** Provided data **
================
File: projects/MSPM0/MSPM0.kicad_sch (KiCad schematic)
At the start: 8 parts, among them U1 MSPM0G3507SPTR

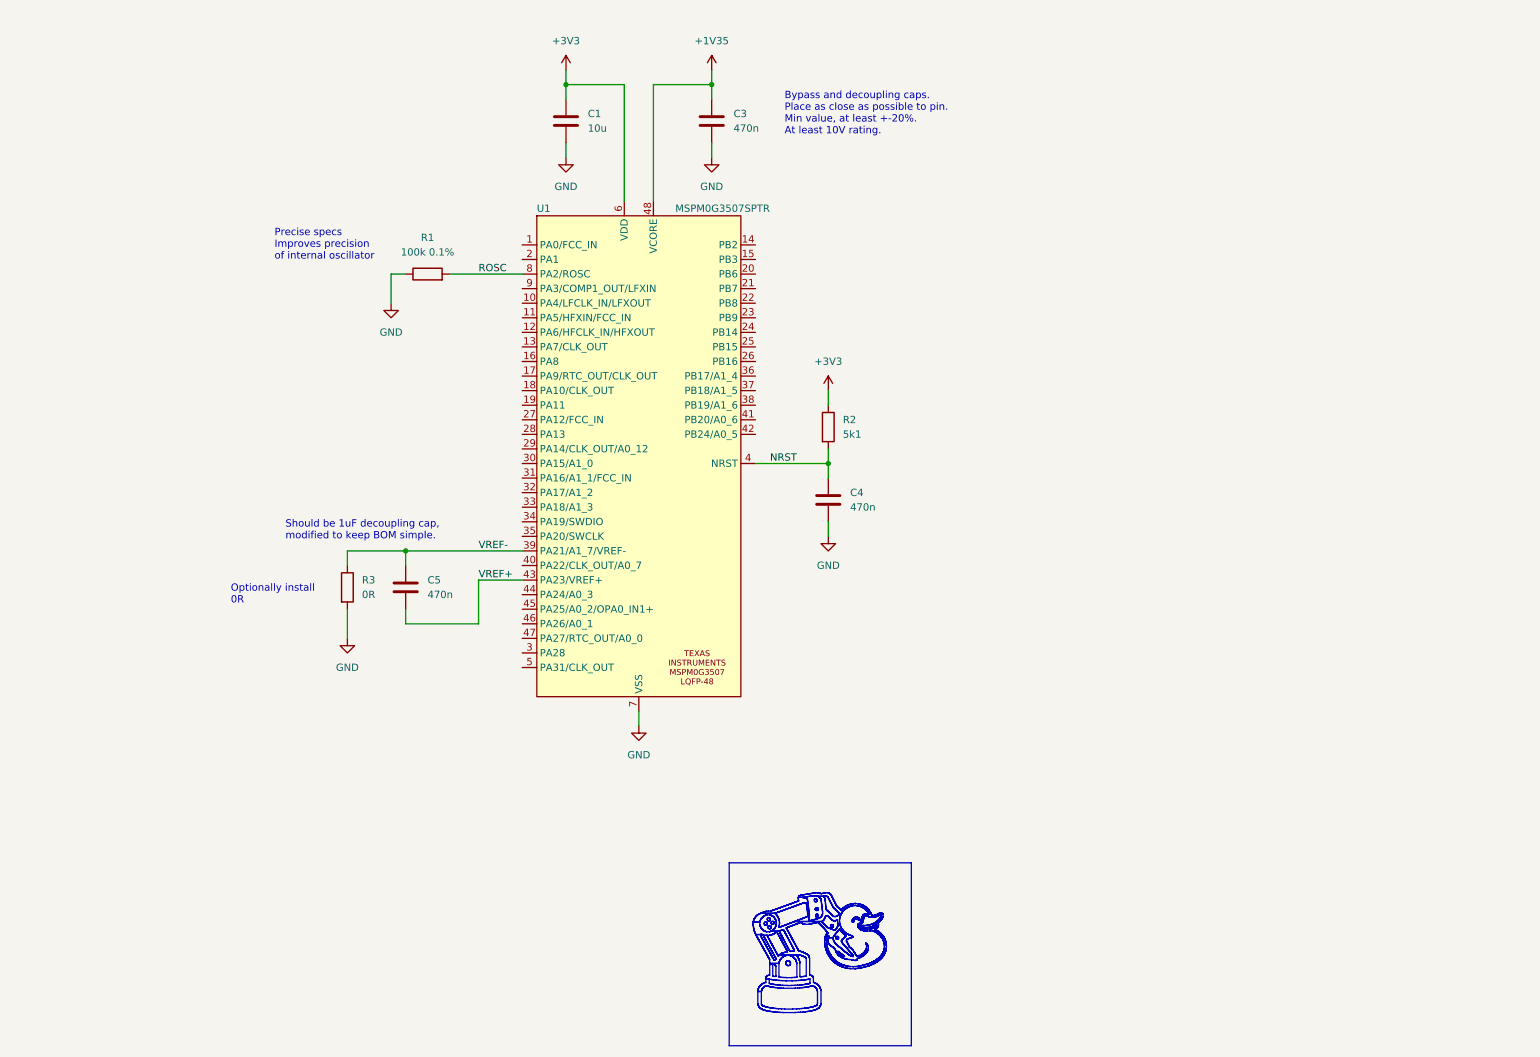
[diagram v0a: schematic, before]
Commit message: MSPM0 - schematics up to power rail
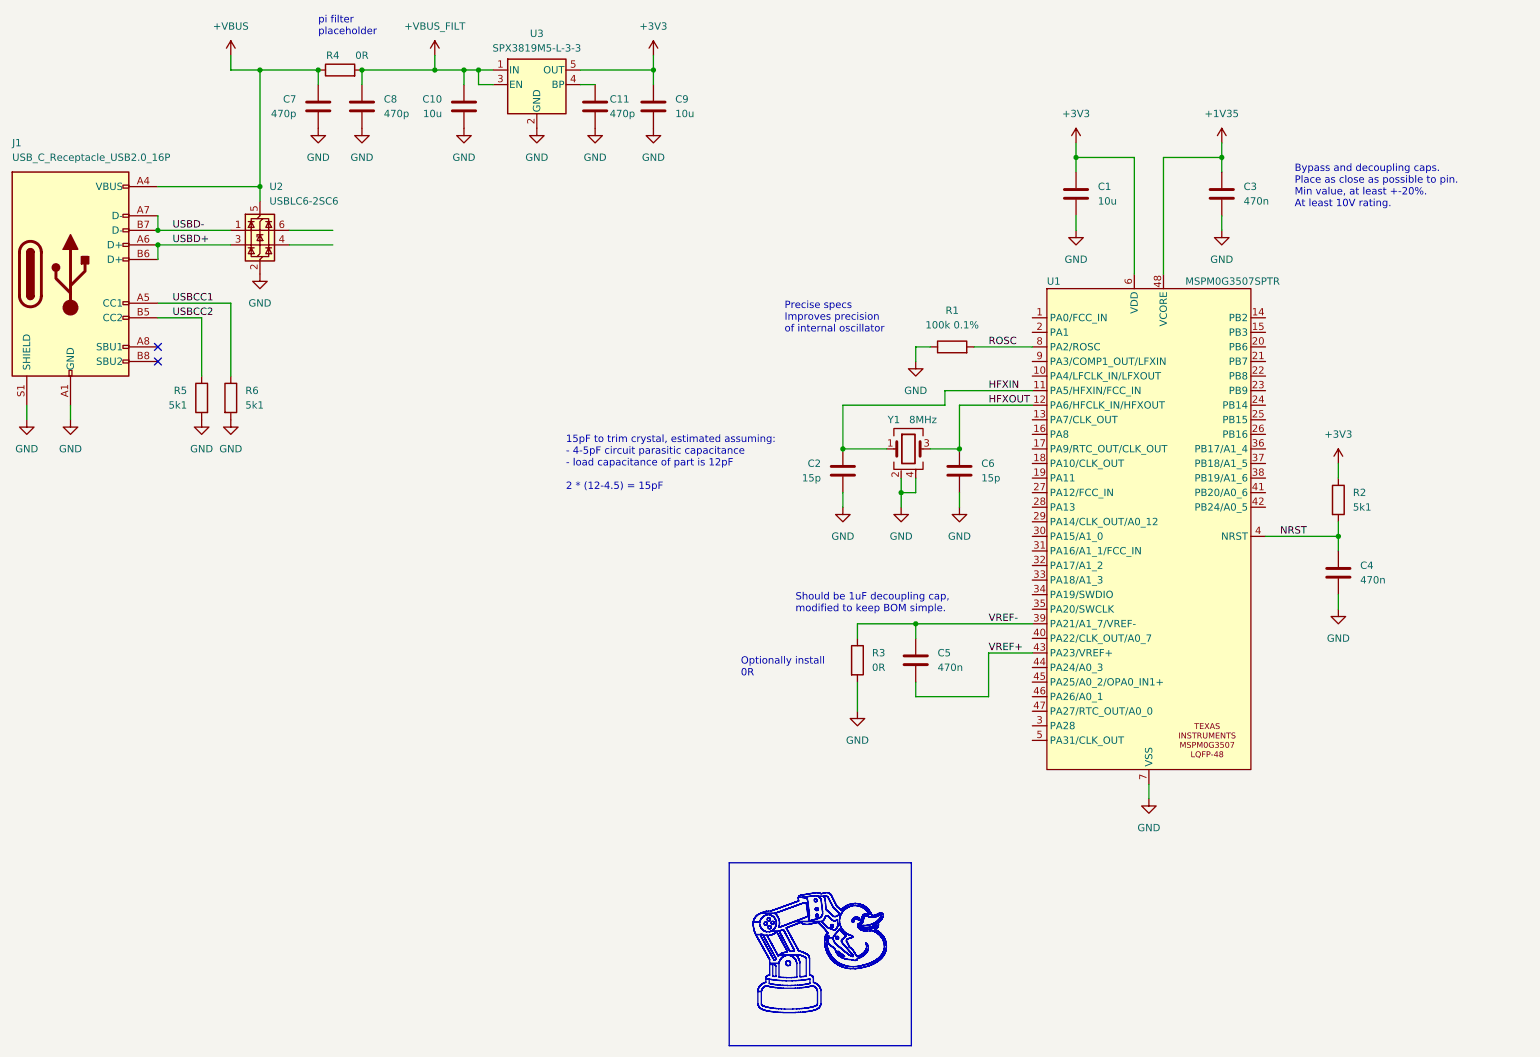
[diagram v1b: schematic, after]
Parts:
- added C10, C9: 10u, Capacitor_SMD:C_1206_3216Metric_Pad1.33x1.80mm_HandSolder, symbol MH_library:C
- added C11, C7, C8: 470p, Capacitor_SMD:C_1206_3216Metric_Pad1.33x1.80mm_HandSolder, symbol MH_library:C
- added C2, C6: 15p, Capacitor_SMD:C_1206_3216Metric_Pad1.33x1.80mm_HandSolder, symbol MH_library:C
- added J1: USB_C_Receptacle_USB2.0_16P, Connector_USB:USB_C_Receptacle_G-Switch_GT-USB-7010ASV, symbol MH_library:USB_C_Receptacle_USB2.0_16P
- added R4: 0R, Resistor_SMD:R_0201_0603Metric_Pad0.64x0.40mm_HandSolder, symbol MH_library:R
- added R5, R6: 5k1, Resistor_SMD:R_0201_0603Metric_Pad0.64x0.40mm_HandSolder, symbol MH_library:R
- added U2: USBLC6-2SC6, Package_TO_SOT_SMD:SOT-23-6, symbol MH_library:USBLC6-2SC6
- added U3: SPX3819M5-L-3-3, Package_TO_SOT_SMD:SOT-23-5, symbol MH_library:SPX3819M5-L-3-3
- added Y1: 8MHz, Crystal:Crystal_SMD_3225-4Pin_3.2x2.5mm, symbol MH_library:Crystal_GND24
- R1: LCSC C122538 -> (none); LCSC PN (none) -> C122538
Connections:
- net +3V3: now also C9.1, U3.5 (OUT)
- net GND: now also C10.2, C11.2, C2.2, C6.2, C7.2, C8.2, C9.2, J1.A1 (GND), J1.A12 (GND), J1.B1 (GND), J1.B12 (GND), J1.S1 (SHIELD), R5.2, R6.2, U2.2 (GND), U3.2 (GND), Y1.2 (G), Y1.4 (G)
- net HFXIN: now reaches U1.11 (PA5/HFXIN/FCC_IN)
- net HFXIN: now also C2.1, Y1.1
- net HFXOUT: now reaches U1.12 (PA6/HFCLK_IN/HFXOUT)
- net HFXOUT: now also C6.1, Y1.3
- new net: C11.1, U3.4 (BP)
- new net +VBUS: C7.1, J1.A4 (VBUS), J1.A9 (VBUS), J1.B4 (VBUS), J1.B9 (VBUS), R4.1, U2.5 (VBUS)
- new net +VBUS_FILT: C10.1, C8.1, R4.2, U3.1 (IN), U3.3 (EN)
- new net USBCC1: J1.A5 (CC1), R6.1
- new net USBCC2: J1.B5 (CC2), R5.1
- new net USBD+: J1.A6 (D+), J1.B6 (D+), U2.3 (I/O2)
- new net USBD-: J1.A7 (D-), J1.B7 (D-), U2.1 (I/O1)
- no-connect marks 0 -> 2
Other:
- note added: "15pF to trim crystal, estimated assuming: - 4-5pF circuit parasitic capacitance - load capacitance of part is 12pF 2 * (12-4.5) = 15pF"
- note added: "pi filter placeholder"
- moved on the sheet: C1, C3, C4, C5, R1, R2, R3, U1

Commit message: Add IMU and magnetometer (WIP)
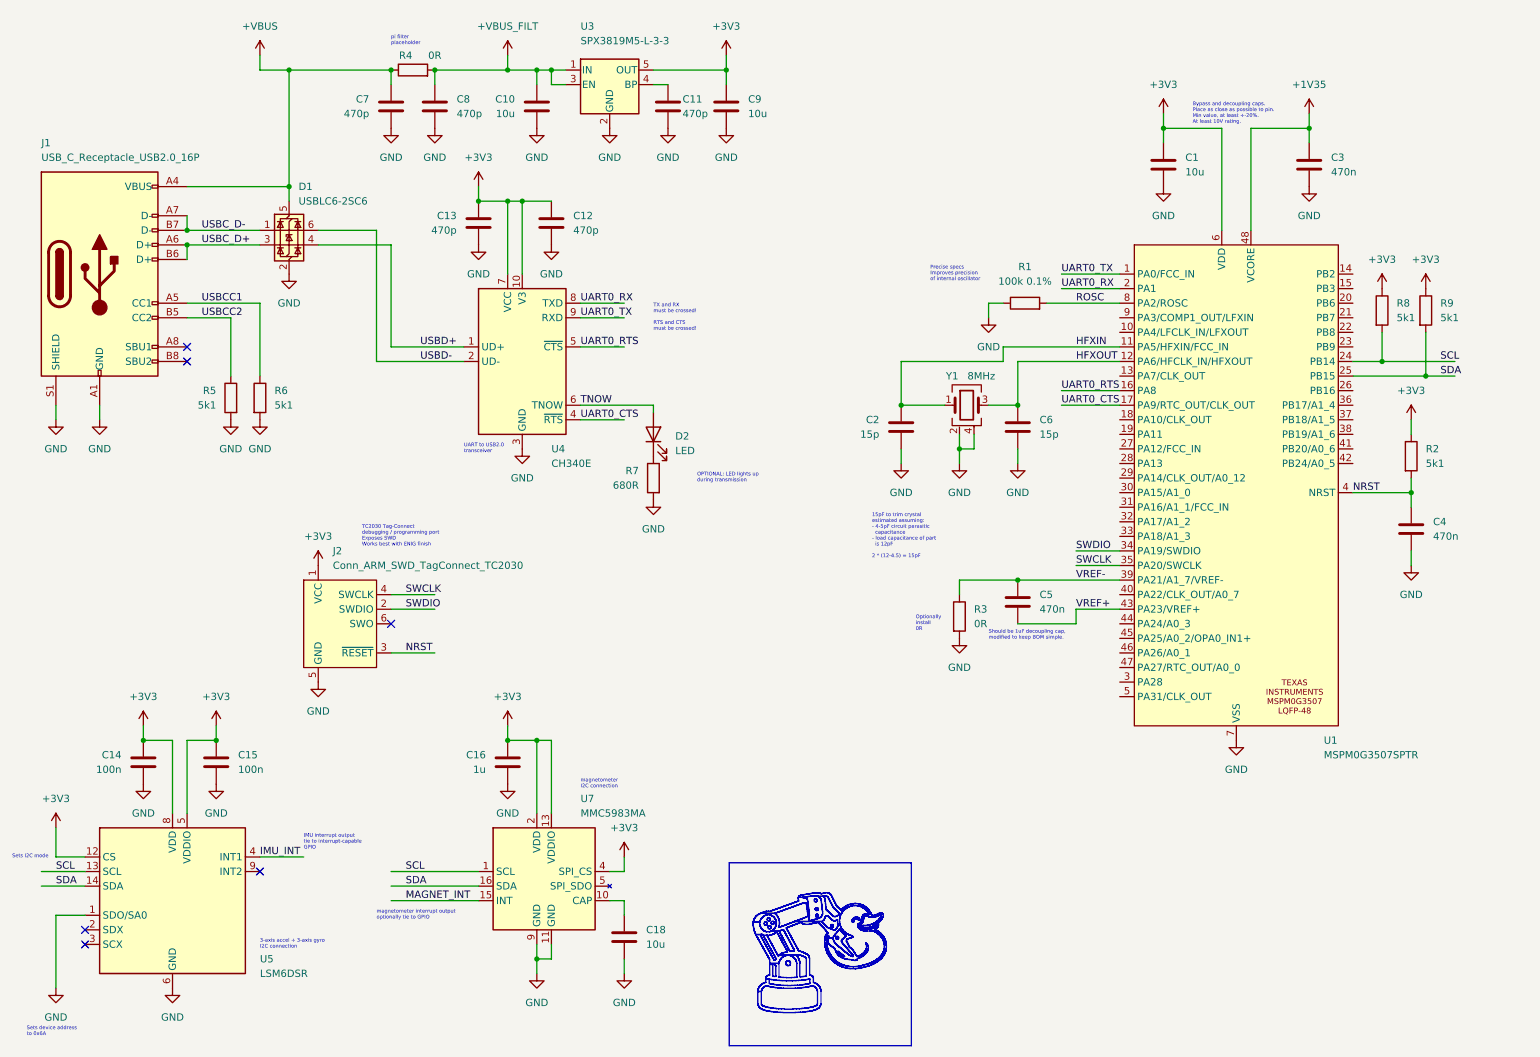
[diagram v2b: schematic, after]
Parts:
- removed U2: USBLC6-2SC6, Package_TO_SOT_SMD:SOT-23-6, symbol MH_library:USBLC6-2SC6
- added C12, C13: 470p, Capacitor_SMD:C_1206_3216Metric_Pad1.33x1.80mm_HandSolder, symbol MH_library:C
- added C14, C15: 100n, Capacitor_SMD:C_1206_3216Metric_Pad1.33x1.80mm_HandSolder, symbol MH_library:C
- added C16: 1u, Capacitor_SMD:C_1206_3216Metric_Pad1.33x1.80mm_HandSolder, symbol MH_library:C
- added C18: 10u, Capacitor_SMD:C_1206_3216Metric_Pad1.33x1.80mm_HandSolder, symbol MH_library:C
- added D1: USBLC6-2SC6, Package_TO_SOT_SMD:SOT-23-6, symbol MH_library:USBLC6-2SC6
- added D2: LED, LED_SMD:LED_1206_3216Metric_Pad1.42x1.75mm_HandSolder, symbol Device:LED
- added J2: Conn_ARM_SWD_TagConnect_TC2030, Connector:Tag-Connect_TC2030-IDC-FP_2x03_P1.27mm_Vertical, symbol MH_library:Conn_ARM_SWD_TagConnect_TC2030
- added R7: 680R, Resistor_SMD:R_0201_0603Metric_Pad0.64x0.40mm_HandSolder, symbol MH_library:R
- added R8, R9: 5k1, Resistor_SMD:R_0201_0603Metric_Pad0.64x0.40mm_HandSolder, symbol MH_library:R
- added U4: CH340E, Package_SO:MSOP-10_3x3mm_P0.5mm, symbol Interface_USB:CH340E
- added U5: LSM6DSR, Package_LGA:LGA-14_3x2.5mm_P0.5mm_LayoutBorder3x4y, symbol MH_library:LSM6DSR
- added U7: MMC5983MA, Package_LGA:LGA-16_3x3mm_P0.5mm, symbol MH_library:MMC5983MA
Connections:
- net +3V3: now also C12.1, C13.1, C14.1, C15.1, C16.1, J2.1 (VCC), R8.1, R9.1, U4.10 (V3), U4.7 (VCC), U5.12 (CS), U5.5 (VDDIO), U5.8 (VDD), U7.13 (VDDIO), U7.2 (VDD), U7.4 (SPI_CS)
- net +VBUS: now also D1.5 (VBUS)
- net GND: now also C12.2, C13.2, C14.2, C15.2, C16.2, C18.2, D1.2 (GND), J2.5 (GND), R7.2, U4.3 (GND), U5.1 (SDO/SA0), U5.6 (GND), U5.7 (GND), U7.11 (GND), U7.9 (GND)
- net NRST: now also J2.3 (~{RESET})
- net USBD+: now also D1.4 (I/O2), U4.1 (UD+); no longer J1.A6 (D+), J1.B6 (D+)
- net USBD-: now also D1.6 (I/O1), U4.2 (UD-); no longer J1.A7 (D-), J1.B7 (D-)
- net UART0_TX: now reaches U1.1 (PA0/FCC_IN)
- net UART0_TX: now also U4.9 (RXD)
- net UART0_RTS: now reaches U1.16 (PA8)
- net UART0_RTS: now also U4.5 (~{CTS})
- net UART0_CTS: now reaches U1.17 (PA9/RTC_OUT/CLK_OUT)
- net UART0_CTS: now also U4.4 (~{RTS})
- net UART0_RX: now reaches U1.2 (PA1)
- net UART0_RX: now also U4.8 (TXD)
- net SCL: now reaches U1.24 (PB14)
- net SCL: now also R8.2, U5.13 (SCL), U7.1 (SCL)
- net SDA: now reaches U1.25 (PB15)
- net SDA: now also R9.2, U5.14 (SDA), U7.16 (SDA)
- net SWDIO: now reaches U1.34 (PA19/SWDIO)
- net SWDIO: now also J2.2 (SWDIO)
- net SWCLK: now reaches U1.35 (PA20/SWCLK)
- net SWCLK: now also J2.4 (SWCLK)
- new net: D2.1 (K), R7.1
- new net: C18.1, U7.10 (CAP)
- new net IMU_INT: U5.4 (INT1)
- new net MAGNET_INT: U7.15 (INT)
- new net TNOW: D2.2 (A), U4.6 (TNOW)
- new net USBC_D+: D1.3 (I/O2), J1.A6 (D+), J1.B6 (D+)
- new net USBC_D-: D1.1 (I/O1), J1.A7 (D-), J1.B7 (D-)
- no-connect marks 2 -> 6
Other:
- note added: "15pF to trim crystal estimated assuming: - 4-5pF circuit parasitic capacitance - load capacitance of part is 12pF 2 * (12-4.5) = 15pF"
- note added: "3-axis accel + 3-axis gyro I2C connection"
- note added: "IMU interrupt output tie to interrupt-capable GPIO"
- note added: "OPTIONAL: LED lights up during transmission"
- note added: "Sets I2C mode"
- note added: "Sets device address to 0x6A"
- note added: "TC2030 Tag-Connect debugging / programming port Exposes SWD Works best with ENIG finish"
- note added: "TX and RX must be crossed! RTS and CTS must be crossed!"
- note added: "UART to USB2.0 transceiver"
- note added: "magnetometer I2C connection"
- note added: "magnetometer interrupt output optionally tie to GPIO"
- note removed: "15pF to trim crystal, estimated assuming: - 4-5pF circuit parasitic capacitance - load capacitance of part is 12pF 2 * (12-4.5) = 15pF"
- moved on the sheet: C1, C10, C11, C2, C3, C4, C5, C6, C7, C8, C9, J1
================
What you give back should be exactly the lines of the data above from the line with "- new net TNOW: D2.2 (A), U4.6 (TNOW)" through the line with "LED lights up", both of those included, and nothing more.

** Solution to this exercise **
- new net TNOW: D2.2 (A), U4.6 (TNOW)
- new net USBC_D+: D1.3 (I/O2), J1.A6 (D+), J1.B6 (D+)
- new net USBC_D-: D1.1 (I/O1), J1.A7 (D-), J1.B7 (D-)
- no-connect marks 2 -> 6
Other:
- note added: "15pF to trim crystal estimated assuming: - 4-5pF circuit parasitic capacitance - load capacitance of part is 12pF 2 * (12-4.5) = 15pF"
- note added: "3-axis accel + 3-axis gyro I2C connection"
- note added: "IMU interrupt output tie to interrupt-capable GPIO"
- note added: "OPTIONAL: LED lights up during transmission"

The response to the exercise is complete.